Data for this task:
>>>>>
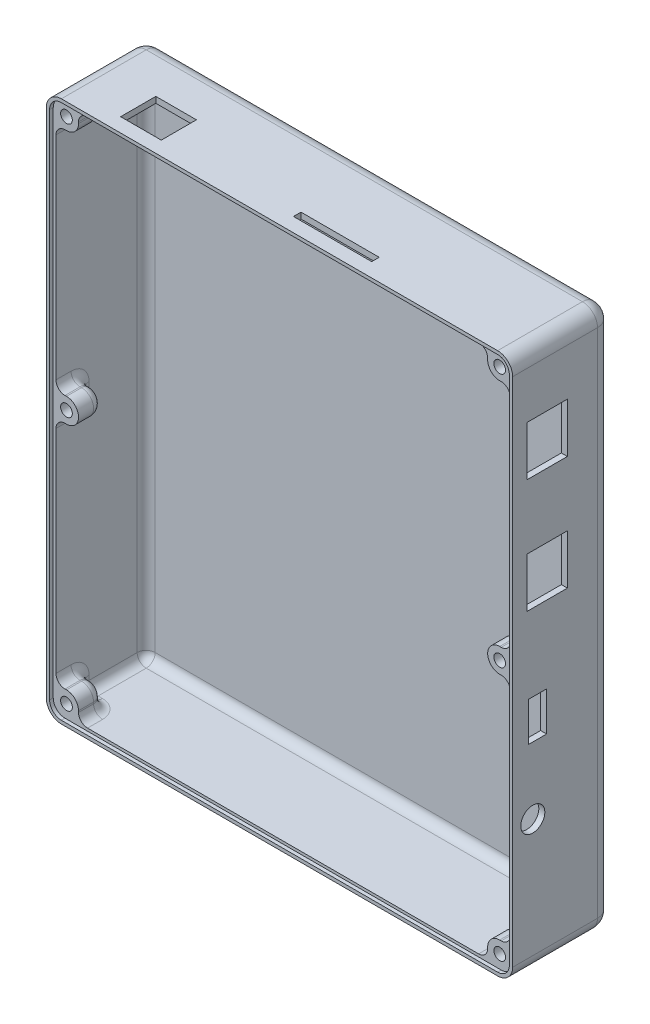
from build123d import *

# Parameters (mm, degrees)
SKETCH1_W           = 155
SKETCH1_H           = 180
BOSS_EXTRUDE1_DEPTH = 32
FILLET2_R           = 5
SHELL1_T            = -2
SKETCH2_R           = 1.95
BOSS_EXTRUDE2_DEPTH = 6
BOSS_EXTRUDE3_DEPTH = 2
FILLET1_R           = 3
BOSS_EXTRUDE4_START = 1.2
BOSS_EXTRUDE4_DEPTH = 1.2
SKETCH4_W           = 13.5
SKETCH4_H           = 11.7
CUT_EXTRUDE1_DEPTH  = 2
SKETCH5_W           = 26
SKETCH5_H           = 2.5
CUT_EXTRUDE2_DEPTH  = 2
SKETCH6_W           = 13.5
SKETCH6_H           = 16.5
CUT_EXTRUDE3_DEPTH  = 2
SKETCH7_W           = 6.1
SKETCH7_H           = 13
CUT_EXTRUDE4_DEPTH  = 2
SKETCH8_R           = 4
CUT_EXTRUDE5_DEPTH  = 2


with BuildPart() as part:
    # Sketch1 → Boss-Extrude1 (new body)
    with BuildSketch(Plane.XY):
        Rectangle(SKETCH1_W, SKETCH1_H)
    extrude(amount=BOSS_EXTRUDE1_DEPTH)

    # Fillet2
    fillet2_edges = [part.edges().sort_by_distance(p)[0] for p in [
        (0, -90, 0),
        (-77.5, 0, 0),
        (0, 90, 0),
        (77.5, 0, 0),
        (77.5, -90, 16),
        (-77.5, -90, 16),
        (-77.5, 90, 16),
        (77.5, 90, 16),
    ]]
    fillet(fillet2_edges, radius=FILLET2_R)

    # Shell1
    shell1_openings = [part.faces().sort_by_distance(p)[0] for p in [
        (0, 0, 32),
    ]]
    offset(amount=SHELL1_T, openings=shell1_openings, kind=Kind.INTERSECTION)

    # Sketch2 → Boss-Extrude2 (add)
    # profile 1 of 6: a face of its own
    with BuildSketch(Plane.XY.offset(32)):
        with BuildLine():
            Line((-72, 4), (-75.5, 4))
            Line((-75.5, 4), (-75.5, -4))
            Line((-75.5, -4), (-72, -4))
            ThreePointArc((-72, -4), (-68, 0), (-72, 4))
        make_face()
        with Locations((-72, 0)):
            Circle(SKETCH2_R, mode=Mode.SUBTRACT)
    # profile 2 of 6: a face of its own
    with BuildSketch(Plane.XY.offset(32)):
        with BuildLine():
            Line((-72.5, -88), (-68, -88))
            Line((-68, -88), (-68, -84.5))
            ThreePointArc((-68, -84.5), (-69.171572875, -81.671572875), (-72, -80.5))
            Line((-72, -80.5), (-75.5, -80.5))
            Line((-75.5, -80.5), (-75.5, -85))
            ThreePointArc((-75.5, -85), (-74.621320344, -87.121320344), (-72.5, -88))
        make_face()
        with Locations((-72, -84.5)):
            Circle(SKETCH2_R, mode=Mode.SUBTRACT)
    # profile 3 of 6: a face of its own
    with BuildSketch(Plane.XY.offset(32)):
        with BuildLine():
            Line((75.5, -85), (75.5, -80.5))
            Line((75.5, -80.5), (72, -80.5))
            ThreePointArc((72, -80.5), (69.171572875, -81.671572875), (68, -84.5))
            Line((68, -84.5), (68, -88))
            Line((68, -88), (72.5, -88))
            ThreePointArc((72.5, -88), (74.621320344, -87.121320344), (75.5, -85))
        make_face()
        with Locations((72, -84.5)):
            Circle(SKETCH2_R, mode=Mode.SUBTRACT)
    # profile 4 of 6: a face of its own
    with BuildSketch(Plane.XY.offset(32)):
        with BuildLine():
            Line((75.5, -4), (75.5, 4))
            Line((75.5, 4), (72, 4))
            ThreePointArc((72, 4), (68, 0), (72, -4))
            Line((72, -4), (75.5, -4))
        make_face()
        with Locations((72, 0)):
            Circle(SKETCH2_R, mode=Mode.SUBTRACT)
    # profile 5 of 6: a face of its own
    with BuildSketch(Plane.XY.offset(32)):
        with BuildLine():
            ThreePointArc((68, 84.5), (69.171572875, 81.671572875), (72, 80.5))
            Line((72, 80.5), (75.5, 80.5))
            Line((75.5, 80.5), (75.5, 85))
            ThreePointArc((75.5, 85), (74.621320344, 87.121320344), (72.5, 88))
            Line((72.5, 88), (68, 88))
            Line((68, 88), (68, 84.5))
        make_face()
        with Locations((72, 84.5)):
            Circle(SKETCH2_R, mode=Mode.SUBTRACT)
    # profile 6 of 6: a face of its own
    with BuildSketch(Plane.XY.offset(32)):
        with BuildLine():
            Line((-68, 84.5), (-68, 88))
            Line((-68, 88), (-72.5, 88))
            ThreePointArc((-72.5, 88), (-74.621320344, 87.121320344), (-75.5, 85))
            Line((-75.5, 85), (-75.5, 80.5))
            Line((-75.5, 80.5), (-72, 80.5))
            ThreePointArc((-72, 80.5), (-69.171572875, 81.671572875), (-68, 84.5))
        make_face()
        with Locations((-72, 84.5)):
            Circle(SKETCH2_R, mode=Mode.SUBTRACT)
    extrude(amount=-BOSS_EXTRUDE2_DEPTH)

    # Sketch3 → Boss-Extrude3 (add)
    with BuildSketch(Plane(origin=(0, 0, 26), x_dir=(-1, 0, 0), z_dir=(0, 0, -1))):
        with BuildLine():
            Line((-68, 84.5), (-68, 88))
            Line((-68, 88), (-72.5, 88))
            ThreePointArc((-72.5, 88), (-74.621320344, 87.121320344), (-75.5, 85))
            Line((-75.5, 85), (-75.5, 80.5))
            Line((-75.5, 80.5), (-72, 80.5))
            ThreePointArc((-72, 80.5), (-69.171572875, 81.671572875), (-68, 84.5))
        make_face()
        with BuildLine():
            Line((-72, 4), (-75.5, 4))
            Line((-75.5, 4), (-75.5, -4))
            Line((-75.5, -4), (-72, -4))
            ThreePointArc((-72, -4), (-68, 0), (-72, 4))
        make_face()
        with BuildLine():
            Line((72, 80.5), (75.5, 80.5))
            Line((75.5, 80.5), (75.5, 85))
            ThreePointArc((75.5, 85), (74.621320344, 87.121320344), (72.5, 88))
            Line((72.5, 88), (68, 88))
            Line((68, 88), (68, 84.5))
            ThreePointArc((68, 84.5), (69.171572875, 81.671572875), (72, 80.5))
        make_face()
        with BuildLine():
            Line((72, -4), (75.5, -4))
            Line((75.5, -4), (75.5, 4))
            Line((75.5, 4), (72, 4))
            ThreePointArc((72, 4), (68, 0), (72, -4))
        make_face()
        with BuildLine():
            Line((68, -84.5), (68, -88))
            Line((68, -88), (72.5, -88))
            ThreePointArc((72.5, -88), (74.621320344, -87.121320344), (75.5, -85))
            Line((75.5, -85), (75.5, -80.5))
            Line((75.5, -80.5), (72, -80.5))
            ThreePointArc((72, -80.5), (69.171572875, -81.671572875), (68, -84.5))
        make_face()
        with BuildLine():
            Line((-72, -80.5), (-75.5, -80.5))
            Line((-75.5, -80.5), (-75.5, -85))
            ThreePointArc((-75.5, -85), (-74.621320344, -87.121320344), (-72.5, -88))
            Line((-72.5, -88), (-68, -88))
            Line((-68, -88), (-68, -84.5))
            ThreePointArc((-68, -84.5), (-69.171572875, -81.671572875), (-72, -80.5))
        make_face()
    extrude(amount=BOSS_EXTRUDE3_DEPTH)

    # Fillet1
    fillet1_edges = [part.edges().sort_by_distance(p)[0] for p in [
        (75.5, -80.5, 28),
        (68, -88, 28),
        (75.5, 4, 28),
        (75.5, -4, 28),
        (68, 88, 28),
        (75.5, 80.5, 28),
        (-75.5, 80.5, 28),
        (-68, 88, 28),
        (69.171572875, 81.671572875, 24),
        (68, 86.25, 24),
        (70.25, 88, 24),
        (74.621320344, 87.121320344, 24),
        (75.5, 82.75, 24),
        (73.75, 80.5, 24),
        (68, 0, 24),
        (73.75, 4, 24),
        (75.5, 0, 24),
        (73.75, -4, 24),
        (-69.171572875, -81.671572875, 24),
        (-68, -86.25, 24),
        (-70.25, -88, 24),
        (-74.621320344, -87.121320344, 24),
        (-75.5, -82.75, 24),
        (-73.75, -80.5, 24),
        (-69.171572875, 81.671572875, 24),
        (-73.75, 80.5, 24),
        (-75.5, 82.75, 24),
        (-74.621320344, 87.121320344, 24),
        (-70.25, 88, 24),
        (-68, 86.25, 24),
        (-68, 0, 24),
        (-73.75, -4, 24),
        (-75.5, 0, 24),
        (-73.75, 4, 24),
        (69.171572875, -81.671572875, 24),
        (73.75, -80.5, 24),
        (75.5, -82.75, 24),
        (74.621320344, -87.121320344, 24),
        (70.25, -88, 24),
        (68, -86.25, 24),
        (-75.5, -4, 28),
        (-75.5, 4, 28),
        (-68, -88, 28),
        (-75.5, -80.5, 28),
    ]]
    fillet(fillet1_edges, radius=FILLET1_R)

    # Sketch12 → Boss-Extrude4 (add)
    with BuildSketch(Plane.XY.offset(32).offset(BOSS_EXTRUDE4_START)):
        with BuildLine():
            Line((-77.5, 85), (-77.5, -85))
            ThreePointArc((-77.5, -85), (-76.035533906, -88.535533906), (-72.5, -90))
            Line((-72.5, -90), (72.5, -90))
            ThreePointArc((72.5, -90), (76.035533906, -88.535533906), (77.5, -85))
            Line((77.5, -85), (77.5, 85))
            ThreePointArc((77.5, 85), (76.035533906, 88.535533906), (72.5, 90))
            Line((72.5, 90), (-72.5, 90))
            ThreePointArc((-72.5, 90), (-76.035533906, 88.535533906), (-77.5, 85))
        make_face()
        with BuildLine():
            Line((-76.4, 85), (-76.4, -85))
            ThreePointArc((-76.4, -85), (-75.257716447, -87.757716447), (-72.5, -88.9))
            Line((-72.5, -88.9), (72.5, -88.9))
            ThreePointArc((72.5, -88.9), (75.257716447, -87.757716447), (76.4, -85))
            Line((76.4, -85), (76.4, 85))
            ThreePointArc((76.4, 85), (75.257716447, 87.757716447), (72.5, 88.9))
            Line((72.5, 88.9), (-72.5, 88.9))
            ThreePointArc((-72.5, 88.9), (-75.257716447, 87.757716447), (-76.4, 85))
        make_face(mode=Mode.SUBTRACT)
    extrude(amount=-BOSS_EXTRUDE4_DEPTH)

    # Sketch4 → Cut-Extrude1 (cut)
    with BuildSketch(Plane(origin=(0, 90, 0), x_dir=(1, 0, 0), z_dir=(0, 1, 0))):
        with Locations((-50.75, -22.65)):
            Rectangle(SKETCH4_W, SKETCH4_H)
    extrude(amount=-CUT_EXTRUDE1_DEPTH, mode=Mode.SUBTRACT)

    # Sketch5 → Cut-Extrude2 (cut)
    with BuildSketch(Plane(origin=(0, 90, 0), x_dir=(1, 0, 0), z_dir=(0, 1, 0))):
        with Locations((12.95, -27.25)):
            Rectangle(SKETCH5_W, SKETCH5_H)
    extrude(amount=-CUT_EXTRUDE2_DEPTH, mode=Mode.SUBTRACT)

    # Sketch6 → Cut-Extrude3 (cut)
    with BuildSketch(Plane(origin=(77.5, 0, 0), x_dir=(0, 0, -1), z_dir=(1, 0, 0))):
        with Locations((-21.75, 61.2)):
            Rectangle(SKETCH6_W, SKETCH6_H)
        with Locations((-21.75, 23.3)):
            Rectangle(SKETCH6_W, SKETCH6_H)
    extrude(amount=-CUT_EXTRUDE3_DEPTH, mode=Mode.SUBTRACT)

    # Sketch7 → Cut-Extrude4 (cut)
    with BuildSketch(Plane(origin=(77.5, 0, 0), x_dir=(0, 0, -1), z_dir=(1, 0, 0))):
        with Locations((-24.95, -17)):
            Rectangle(SKETCH7_W, SKETCH7_H)
    extrude(amount=-CUT_EXTRUDE4_DEPTH, mode=Mode.SUBTRACT)

    # Sketch8 → Cut-Extrude5 (cut)
    with BuildSketch(Plane.ZY.offset(-77.5)):
        with Locations((26.5, -45.7)):
            Circle(SKETCH8_R)
    extrude(amount=CUT_EXTRUDE5_DEPTH, mode=Mode.SUBTRACT)


solid = part.part
<<<<<
Activity: Using the data above, print exactly the lines from the line that contains "-87.757716447), (-72.5, -88.9))" through the line that contains "87.757716447), (-76.4, 85))", with both included.

Answer space:
            ThreePointArc((-76.4, -85), (-75.257716447, -87.757716447), (-72.5, -88.9))
            Line((-72.5, -88.9), (72.5, -88.9))
            ThreePointArc((72.5, -88.9), (75.257716447, -87.757716447), (76.4, -85))
            Line((76.4, -85), (76.4, 85))
            ThreePointArc((76.4, 85), (75.257716447, 87.757716447), (72.5, 88.9))
            Line((72.5, 88.9), (-72.5, 88.9))
            ThreePointArc((-72.5, 88.9), (-75.257716447, 87.757716447), (-76.4, 85))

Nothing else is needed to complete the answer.